■ What the task requires ■
Only one stretch of the data below should be repeated: the lines from the line containing "mat_01___default = bpy.data.materials.new('01___Default')" through the line containing "me_bucketmesh = bpy.data.meshes.new('BucketMesh')", inclusive, exactly as they are.

(Extracted data entries)
|---|
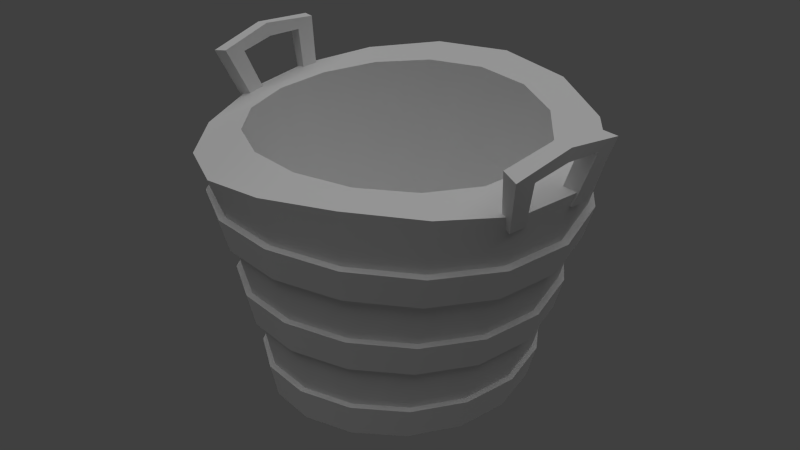 # Source: bucket.blend  (saved by Blender 2.79.0; exported with 4.5.12 LTS)
import bpy
from mathutils import Matrix  # noqa: F401  (used for matrix-valued properties, if any)

bpy.ops.wm.read_factory_settings(use_empty=True)
scene = bpy.context.scene
scene.name = 'Scene'

# ---- collections
col_collection_1 = bpy.data.collections.new('Collection 1'); scene.collection.children.link(col_collection_1)

# ---- materials (node trees are filled in below, after node groups)
mat_01___default = bpy.data.materials.new('01___Default')
mat_01___default.alpha_threshold = 0.0
mat_01___default.use_transparent_shadow = False
mat_01___default.specular_color = (0.0, 0.0, 0.0)
mat_01___default.roughness = 0.5
mat_01___default.line_color = (0.0, 0.0, 0.0, 1.0)

# ---- material node trees

# ---- world
world_world = bpy.data.worlds.new('World'); scene.world = world_world
world_world.color = (0.05088, 0.05088, 0.05088)
world_world.use_sun_shadow = False
world_world.sun_shadow_jitter_overblur = 0.0
world_world.cycles.sampling_method = 'NONE'
world_world.cycles.sample_map_resolution = 256

# ---- lights
light_sky001 = bpy.data.lights.new('Sky001', 'SUN')
light_sky001.transmission_factor = 0.0
light_sky001.angle = 1.571
light_sky001.energy = 1.0
light_sky001.shadow_buffer_clip_start = 0.5
light_sky001.shadow_soft_size = 1.0
light_sky001.shadow_cascade_max_distance = 1000.0
light_sky001.cycles.use_multiple_importance_sampling = False

# ---- meshes
me_bucketmesh = bpy.data.meshes.new('BucketMesh')
me_bucketmesh.from_pydata([(16.48, -21.45, 0.6466), (15.23, -21.55, 6.229), (11.68, -21.94, 10.95), (6.33, -22.92, 14.13), (-0.002654, -23.46, 15.25), (6.33, -22.52, -12.89), (11.68, -22.12, -9.704), (15.23, -21.5, -4.959), (12.41, -22.04, 0.6313), (11.47, -22.27, 4.865), (8.789, -22.64, 8.45), (4.76, -22.99, 10.84), (-0.002654, -22.48, -10.46), (4.76, -22.39, -9.616), (8.789, -22.2, -7.208), (11.47, -22.03, -3.609), (7.767, -3.197, 0.537), (7.177, -3.13, 3.856), (5.496, -3.163, 6.673), (2.975, -3.231, 8.558), (-0.002118, -3.264, 9.219), (2.975, -3.806, -7.46), (5.496, -3.608, -5.586), (7.177, -3.375, -2.778), (9.921, -3.1, 5.083), (11.04, -7.329, 5.453), (11.81, -10.15, 5.665), (13.02, -14.37, 5.935), (13.86, -17.18, 6.081), (14.99, -16.95, 0.7246), (14.09, -14.21, 0.7384), (12.78, -10.08, 0.7111), (11.94, -7.314, 0.6605), (10.73, -3.162, 0.5357), (7.601, -3.219, 8.945), (8.456, -7.543, 9.519), (9.051, -10.43, 9.868), (9.98, -14.77, 10.34), (10.63, -17.66, 10.62), (4.117, -3.39, 11.53), (4.581, -7.794, 12.24), (4.904, -10.74, 12.68), (5.408, -15.17, 13.28), (5.758, -18.13, 13.65), (-0.002126, -3.468, 12.44), (-0.002246, -7.903, 13.19), (-0.002444, -15.34, 14.31), (-0.002524, -18.33, 14.71), (-0.002126, -4.291, -11.31), (-0.002246, -8.408, -11.84), (4.117, -4.159, -10.41), (4.581, -8.27, -10.89), (4.904, -11.0, -11.24), (5.408, -15.08, -11.81), (5.758, -17.79, -12.22), (7.601, -3.822, -7.847), (8.456, -7.926, -8.18), (9.051, -10.65, -8.434), (9.98, -14.72, -8.864), (10.63, -17.43, -9.183), (9.921, -3.434, -4.004), (11.04, -7.545, -4.126), (11.81, -10.28, -4.239), (13.02, -14.36, -4.458), (13.86, -17.07, -4.636), (14.38, -17.04, 6.29), (15.56, -16.8, 0.726), (14.38, -16.93, -4.841), (11.03, -17.32, -9.564), (5.976, -17.71, -12.72), (5.976, -18.06, 14.15), (11.03, -17.55, 11.0), (14.62, -14.06, 0.7385), (13.51, -14.23, 6.135), (10.36, -14.66, 10.71), (5.613, -15.09, 13.77), (5.613, -15.01, -12.29), (10.36, -14.62, -9.234), (13.51, -14.23, -4.659), (10.34, -0.2741, 0.4143), (9.557, -0.1633, 4.968), (7.322, -0.235, 8.836), (3.966, -0.3709, 11.42), (-0.002045, -0.4357, 12.33), (3.966, -1.358, -10.54), (7.322, -1.005, -7.975), (9.557, -0.5874, -4.13), (10.29, -2.98, 5.255), (11.14, -3.042, 0.5312), (10.29, -3.331, -4.184), (7.887, -3.744, -8.175), (4.273, -4.104, -10.84), (-0.002125, -4.246, -11.77), (-0.002125, -3.385, 12.89), (4.273, -3.3, 11.95), (7.887, -3.113, 9.266), (12.39, -7.185, 0.6575), (11.45, -7.203, 5.635), (8.774, -7.436, 9.859), (4.754, -7.708, 12.68), (-0.002244, -7.826, 13.68), (4.754, -8.208, -11.33), (8.774, -7.839, -8.523), (11.45, -7.432, -4.313), (12.25, -10.02, 5.855), (13.26, -9.939, 0.7092), (12.25, -10.16, -4.432), (9.391, -10.56, -8.788), (5.089, -10.93, -11.7), (-0.002323, -10.8, 14.16), (5.089, -10.66, 13.14), (9.391, -10.32, 10.22), (-11.81, -10.15, 5.665), (-13.03, -14.37, 5.935), (-14.09, -14.21, 0.7384), (-12.78, -10.08, 0.7111), (-9.055, -10.43, 9.868), (-9.985, -14.77, 10.34), (-4.908, -10.74, 12.68), (-5.413, -15.17, 13.28), (-0.002325, -10.87, 13.66), (-4.908, -11.0, -11.24), (-5.413, -15.08, -11.81), (-0.002444, -15.23, -12.84), (-0.002325, -11.14, -12.22), (-9.055, -10.65, -8.434), (-9.985, -14.72, -8.864), (-11.81, -10.28, -4.239), (-13.03, -14.36, -4.458), (-7.771, -3.197, 0.537), (-7.181, -3.13, 3.856), (-5.5, -3.162, 6.673), (-2.979, -3.231, 8.558), (-0.002118, -3.883, -8.118), (-2.979, -3.806, -7.46), (-5.5, -3.608, -5.586), (-7.181, -3.374, -2.778), (-15.24, -21.79, 6.242), (-11.68, -22.6, 10.99), (-8.794, -22.64, 8.45), (-11.48, -22.27, 4.865), (-6.335, -23.29, 14.15), (-4.765, -22.99, 10.84), (-0.002654, -23.13, 11.68), (-0.002654, -22.01, -14.04), (-6.335, -20.99, -12.97), (-4.765, -22.39, -9.616), (-11.68, -20.42, -9.794), (-8.794, -22.2, -7.208), (-15.24, -20.31, -5.022), (-11.48, -22.03, -3.609), (-16.48, -20.92, 0.6192), (-12.42, -22.04, 0.6313), (-13.87, -17.18, 6.081), (-15.0, -16.95, 0.7246), (-13.52, -14.23, 6.135), (-14.39, -17.04, 6.29), (-15.56, -16.8, 0.726), (-14.62, -14.06, 0.7385), (-11.14, -3.042, 0.5312), (-10.34, -0.2736, 0.4142), (-9.561, -0.1628, 4.968), (-10.3, -2.979, 5.255), (-11.94, -7.314, 0.6605), (-10.74, -3.162, 0.5356), (-9.925, -3.099, 5.083), (-11.04, -7.328, 5.453), (-13.26, -9.939, 0.7092), (-12.39, -7.184, 0.6575), (-11.45, -7.202, 5.635), (-12.26, -10.02, 5.855), (-10.63, -17.66, 10.62), (-10.36, -14.66, 10.71), (-11.03, -17.55, 11.0), (-7.326, -0.2346, 8.836), (-7.891, -3.112, 9.266), (-7.605, -3.219, 8.945), (-8.46, -7.543, 9.519), (-8.779, -7.436, 9.859), (-9.396, -10.32, 10.22), (-5.763, -18.13, 13.65), (-5.617, -15.09, 13.77), (-5.981, -18.06, 14.15), (-3.97, -0.3707, 11.42), (-4.277, -3.3, 11.95), (-4.122, -3.39, 11.53), (-4.585, -7.794, 12.24), (-4.758, -7.708, 12.68), (-5.093, -10.66, 13.14), (-0.002442, -15.27, 14.84), (-0.002522, -18.27, 15.25), (-5.763, -17.79, -12.22), (-0.002524, -17.94, -13.29), (-5.617, -15.01, -12.29), (-5.981, -17.71, -12.72), (-0.002522, -17.88, -13.83), (-0.002442, -15.17, -13.37), (-0.002045, -1.496, -11.44), (-3.97, -1.358, -10.54), (-4.277, -4.104, -10.84), (-4.122, -4.159, -10.41), (-4.585, -8.27, -10.89), (-0.002323, -11.09, -12.72), (-0.002244, -8.356, -12.32), (-4.758, -8.208, -11.33), (-5.093, -10.93, -11.7), (-10.63, -17.43, -9.183), (-10.36, -14.62, -9.234), (-11.03, -17.32, -9.564), (-7.326, -1.004, -7.975), (-7.891, -3.744, -8.175), (-7.605, -3.822, -7.847), (-8.46, -7.925, -8.18), (-8.779, -7.839, -8.523), (-9.396, -10.56, -8.788), (-13.87, -17.07, -4.636), (-13.52, -14.23, -4.659), (-14.39, -16.93, -4.841), (-9.561, -0.5869, -4.13), (-10.3, -3.33, -4.184), (-9.925, -3.434, -4.004), (-11.04, -7.545, -4.126), (-11.45, -7.431, -4.314), (-12.26, -10.16, -4.432), (-0.002096, -2.786, 0.5215), (-0.002045, -0.966, 0.4459), (-15.03, -25.82, 7.45), (-16.42, -25.63, 8.097), (-15.19, -25.05, 5.906), (-16.63, -24.84, 6.426), (-17.57, -24.3, 0.5404), (-18.0, -24.74, -1.216), (-16.25, -24.51, 0.476), (-16.73, -24.95, -1.127), (-16.11, -26.21, 3.157), (-17.35, -26.03, 3.344), (-15.83, -25.12, 3.217), (-17.16, -24.92, 3.42), (-15.24, -20.47, 5.61), (-14.24, -20.59, 5.29), (-14.96, -20.29, 1.501), (-16.15, -20.1, 1.515), (-14.93, -20.59, 6.976), (-14.0, -20.69, 6.553), (-16.45, -19.98, 0.1496), (-15.2, -20.18, 0.2379), (15.0, -25.46, -6.612), (16.42, -25.21, -7.251), (15.16, -24.87, -4.959), (16.64, -24.61, -5.467), (17.6, -24.67, 0.5838), (18.04, -25.3, 2.327), (16.26, -24.89, 0.6274), (16.74, -25.51, 2.213), (16.11, -26.31, -2.286), (17.38, -26.11, -2.455), (15.82, -25.22, -2.228), (17.18, -24.99, -2.413), (15.21, -20.37, -4.238), (14.19, -20.52, -3.92), (14.93, -20.51, -0.02859), (16.14, -20.33, -0.02843), (14.9, -20.38, -5.641), (13.95, -20.52, -5.217), (16.45, -20.31, 1.375), (15.18, -20.51, 1.269), (16.48, -21.45, 0.6466), (15.23, -21.55, 6.229), (15.23, -21.5, -4.959), (11.68, -21.94, 10.95), (6.33, -22.92, 14.13), (-0.002654, -23.46, 15.25), (-6.335, -23.29, 14.15), (6.33, -22.52, -12.89), (11.68, -22.12, -9.704), (-0.002654, -22.01, -14.04), (12.41, -22.04, 0.6313), (11.47, -22.27, 4.865), (11.47, -22.03, -3.609), (8.789, -22.64, 8.45), (4.76, -22.99, 10.84), (-0.002654, -23.13, 11.68), (-0.002654, -22.48, -10.46), (4.76, -22.39, -9.616), (-4.765, -22.39, -9.616), (8.789, -22.2, -7.208), (7.767, -3.197, 0.537), (7.177, -3.13, 3.856), (7.177, -3.375, -2.778), (5.496, -3.163, 6.673), (2.975, -3.231, 8.558), (-0.002118, -3.264, 9.219), (-2.979, -3.231, 8.558), (2.975, -3.806, -7.46), (5.496, -3.608, -5.586), (-0.002118, -3.883, -8.118), (9.921, -3.1, 5.083), (10.73, -3.162, 0.5357), (7.601, -3.219, 8.945), (11.04, -7.329, 5.453), (11.94, -7.314, 0.6605), (8.456, -7.543, 9.519), (11.81, -10.15, 5.665), (12.78, -10.08, 0.7111), (9.051, -10.43, 9.868), (13.02, -14.37, 5.935), (14.09, -14.21, 0.7384), (9.98, -14.77, 10.34), (13.86, -17.18, 6.081), (14.99, -16.95, 0.7246), (10.63, -17.66, 10.62), (13.86, -17.07, -4.636), (13.02, -14.36, -4.458), (11.81, -10.28, -4.239), (11.04, -7.545, -4.126), (9.921, -3.434, -4.004), (4.117, -3.39, 11.53), (4.581, -7.794, 12.24), (4.904, -10.74, 12.68), (5.408, -15.17, 13.28), (5.758, -18.13, 13.65), (-0.002126, -3.468, 12.44), (-0.002246, -7.903, 13.19), (-0.002325, -10.87, 13.66), (-0.002444, -15.34, 14.31), (-0.002524, -18.33, 14.71), (-4.122, -3.39, 11.53), (-4.585, -7.794, 12.24), (-5.413, -15.17, 13.28), (-5.763, -18.13, 13.65), (-0.002126, -4.291, -11.31), (4.117, -4.159, -10.41), (-4.122, -4.159, -10.41), (-0.002246, -8.408, -11.84), (4.581, -8.27, -10.89), (-4.585, -8.27, -10.89), (7.601, -3.822, -7.847), (8.456, -7.926, -8.18), (4.904, -11.0, -11.24), (9.051, -10.65, -8.434), (-0.002325, -11.14, -12.22), (5.408, -15.08, -11.81), (9.98, -14.72, -8.864), (-0.002444, -15.23, -12.84), (5.758, -17.79, -12.22), (10.63, -17.43, -9.183), (-0.002524, -17.94, -13.29), (14.38, -17.04, 6.29), (15.56, -16.8, 0.726), (11.03, -17.55, 11.0), (14.38, -16.93, -4.841), (11.03, -17.32, -9.564), (5.976, -17.71, -12.72), (-0.002522, -17.88, -13.83), (5.976, -18.06, 14.15), (-0.002522, -18.27, 15.25), (14.62, -14.06, 0.7385), (13.51, -14.23, 6.135), (13.51, -14.23, -4.659), (10.36, -14.66, 10.71), (5.613, -15.09, 13.77), (-0.002442, -15.27, 14.84), (5.613, -15.01, -12.29), (10.36, -14.62, -9.234), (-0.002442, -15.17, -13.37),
|---|
■ Result of this exercise ■
mat_01___default = bpy.data.materials.new('01___Default')
mat_01___default.alpha_threshold = 0.0
mat_01___default.use_transparent_shadow = False
mat_01___default.specular_color = (0.0, 0.0, 0.0)
mat_01___default.roughness = 0.5
mat_01___default.line_color = (0.0, 0.0, 0.0, 1.0)

# ---- material node trees

# ---- world
world_world = bpy.data.worlds.new('World'); scene.world = world_world
world_world.color = (0.05088, 0.05088, 0.05088)
world_world.use_sun_shadow = False
world_world.sun_shadow_jitter_overblur = 0.0
world_world.cycles.sampling_method = 'NONE'
world_world.cycles.sample_map_resolution = 256

# ---- lights
light_sky001 = bpy.data.lights.new('Sky001', 'SUN')
light_sky001.transmission_factor = 0.0
light_sky001.angle = 1.571
light_sky001.energy = 1.0
light_sky001.shadow_buffer_clip_start = 0.5
light_sky001.shadow_soft_size = 1.0
light_sky001.shadow_cascade_max_distance = 1000.0
light_sky001.cycles.use_multiple_importance_sampling = False

# ---- meshes
me_bucketmesh = bpy.data.meshes.new('BucketMesh')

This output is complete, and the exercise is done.